The results of the tests were evaluated against the original communities using both NMI and Jaccard Distance, as defined in subsection 3.1. Each test was performed using 5 random networks with the defined parameters and the average of the obtained metric value was taken. Figures 4 and 5 present the results for the three algorithms considered, for the NMI and Jaccard Index metrics respectively.

It can be argued that the communities and nodes of the test graphs represent a very homogeneous network with a low clustering coefficient relative to the number of edges in the graph. This test provides strong indications that Faststep may not perform well in subsequent tests, but we expect better results when using real networks.

Detection of communities in networks with ground-truth communities

However, the other methods did much better at finding the known communities, implying that they can be partially approximated by using the structure of the graph, and Faststep simply fails to detect them. The methods used are Louvain method (left column), LLP (middle column) and Faststep (right column).

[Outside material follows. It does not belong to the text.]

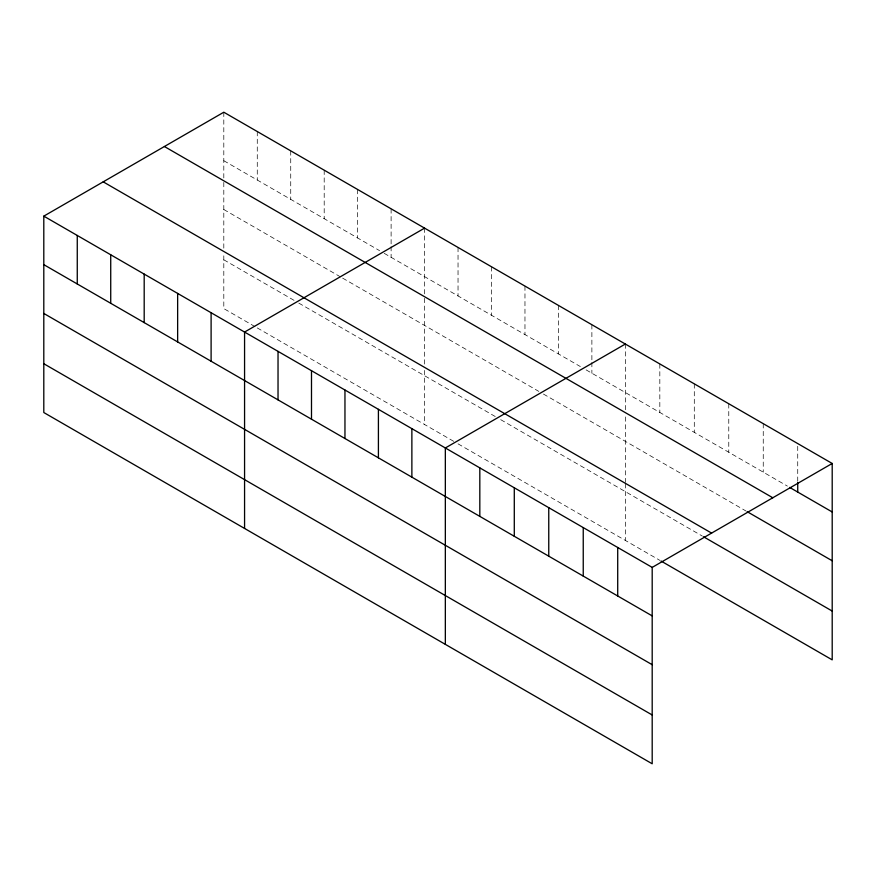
<?xml version="1.0" encoding="UTF-8"?>
<svg xmlns="http://www.w3.org/2000/svg" width="876" height="876" viewBox="0 0 876 876"><rect width="100%" height="100%" fill="white"/><g stroke="black" fill="none" stroke-linecap="round" stroke-linejoin="round"><path stroke-width="0.66" stroke-dasharray="4.38 3.29" d="M223.807 160.713L379.582 250.645M384.192 253.317L580.35 366.562M586.121 369.891L787.382 486.092M223.807 209.517L341.498 277.473M342.658 278.141L538.806 391.386M543.427 394.047L746.013 511.015M223.807 259.8L294.194 300.435M298.804 303.107L496.112 417.02M500.733 419.681L702.344 536.079M254.96 326.595L223.807 308.604L223.807 254.511M257.27 327.92L455.728 442.5M458.038 443.836L659.825 560.333M797.729 446.256L797.729 481.285M763.248 423.655L763.248 472.164M728.777 403.759L728.777 452.257M694.296 383.852L694.296 432.35M659.825 363.945L659.825 412.443M625.344 344.038L625.344 410.165M625.344 416.943L625.344 482.369M625.344 483.683L625.344 540.426M591.88 324.722L591.88 361.098M591.88 362.445L591.88 373.22M558.428 305.406L558.428 353.904M524.965 286.091L524.965 334.588M491.502 266.764L491.502 315.272M458.038 247.448L458.038 295.946M424.575 228.132L424.575 296.964M424.575 298.322L424.575 365.128M424.575 370.417L424.575 424.521M391.112 208.816L391.112 245.181M391.112 246.539L391.112 257.314M357.66 189.49L357.66 237.998M324.197 170.174L324.197 218.671M290.733 150.858L290.733 199.356M257.27 131.531L257.27 180.04M223.807 112.216L223.807 181.047M223.807 182.405L223.807 249.211"/><path stroke-width="1.31" d="M43.8 216.142L652.193 567.396L652.193 763.784L43.8 412.53L43.8 216.142L223.807 112.216L832.2 463.47L832.2 659.858L660.975 561.001M424.575 228.132L244.568 332.059L244.568 528.447M625.344 344.038L445.337 447.975L445.337 644.353M652.193 567.396L832.2 463.47M789.681 487.417L832.2 511.967M164.403 146.511L772.796 497.765M747.162 511.672L832.2 560.771M103.204 181.847L711.597 533.101M703.494 536.747L832.2 611.054M43.8 264.651L652.193 615.894M43.8 313.444L652.193 664.698M43.8 363.726L652.193 714.98M797.729 482.632L797.729 492.06M617.711 547.489L617.711 595.998M583.241 527.582L583.241 576.09M548.759 507.686L548.759 556.183M514.289 487.779L514.289 536.276M479.818 467.872L479.818 516.38M411.873 428.649L411.873 477.157M378.41 409.333L378.41 457.83M344.958 390.017L344.958 438.515M311.495 370.69L311.495 419.199M278.031 351.375L278.031 399.872M211.105 312.743L211.105 361.24M177.642 293.416L177.642 341.925M144.19 274.1L144.19 322.598M110.726 254.785L110.726 303.282M77.263 235.458L77.263 283.966"/></g></svg>

Comparison of clusterings obtained with different methods

Still, for the Jaccard metric, we can observe that the clusterings with more similarity are the high-granularity clusterings obtained by Leuven and the lower-granularity clusterings obtained by LLP, as discussed earlier. The similarity obtained using the Jaccard metric is quite low, while the similarity using the NMI is generally high, but is not of much use as there is no correlation between the granularities of the clustering and the value of the NMI obtained. We can still evaluate the clusterings of each algorithm independently, taking advantage of graph compression, which we do in the next test.

Rows from top to bottom represent results for Airports, Amazon, Web-google, Wiki, and Youtube datasets. The rows from top to bottom represent the results for the Airports, Amazon, Web-google, Wiki, and Youtube datasets.

Compression Results

If two clusters are siblings in the hierarchical tree, we don't know which of them to go through first, but if one is the parent of the other, that ambiguity disappears. This problem could be easily overcome by exploiting the full hierarchical structure of the network generated internally by the method, which is not a direct output in the implementation provided by the authors. In the previous tests we already introduced several reasons why Faststep's performance would probably not be as good as the other algorithms.

That way, all nodes belonging to overlapping communities tend to be included in the first community created, while nodes with fewer edges but some proximity to this community being created are simply omitted. However, we can still detect some compression of the graphs, implying that Faststep actually finds meaningful communities related to graph rearrangement and/or compression, which remained a questionable assumption in the other tests performed.

Performance Evaluation

It could also be argued that we could have compromised cluster quality to improve runtime. In this way, much less importance is given to the running time of the algorithm. We compared its results with two state-of-the-art algorithms, LLP and the Louvain method.

Finally, we implemented a tool that allows the retrieval of graph groupings and rearrangements and the use of these groupings or rearrangements in the compression of the graph. These details of the method achieved worse results than we could have expected at the beginning of the work.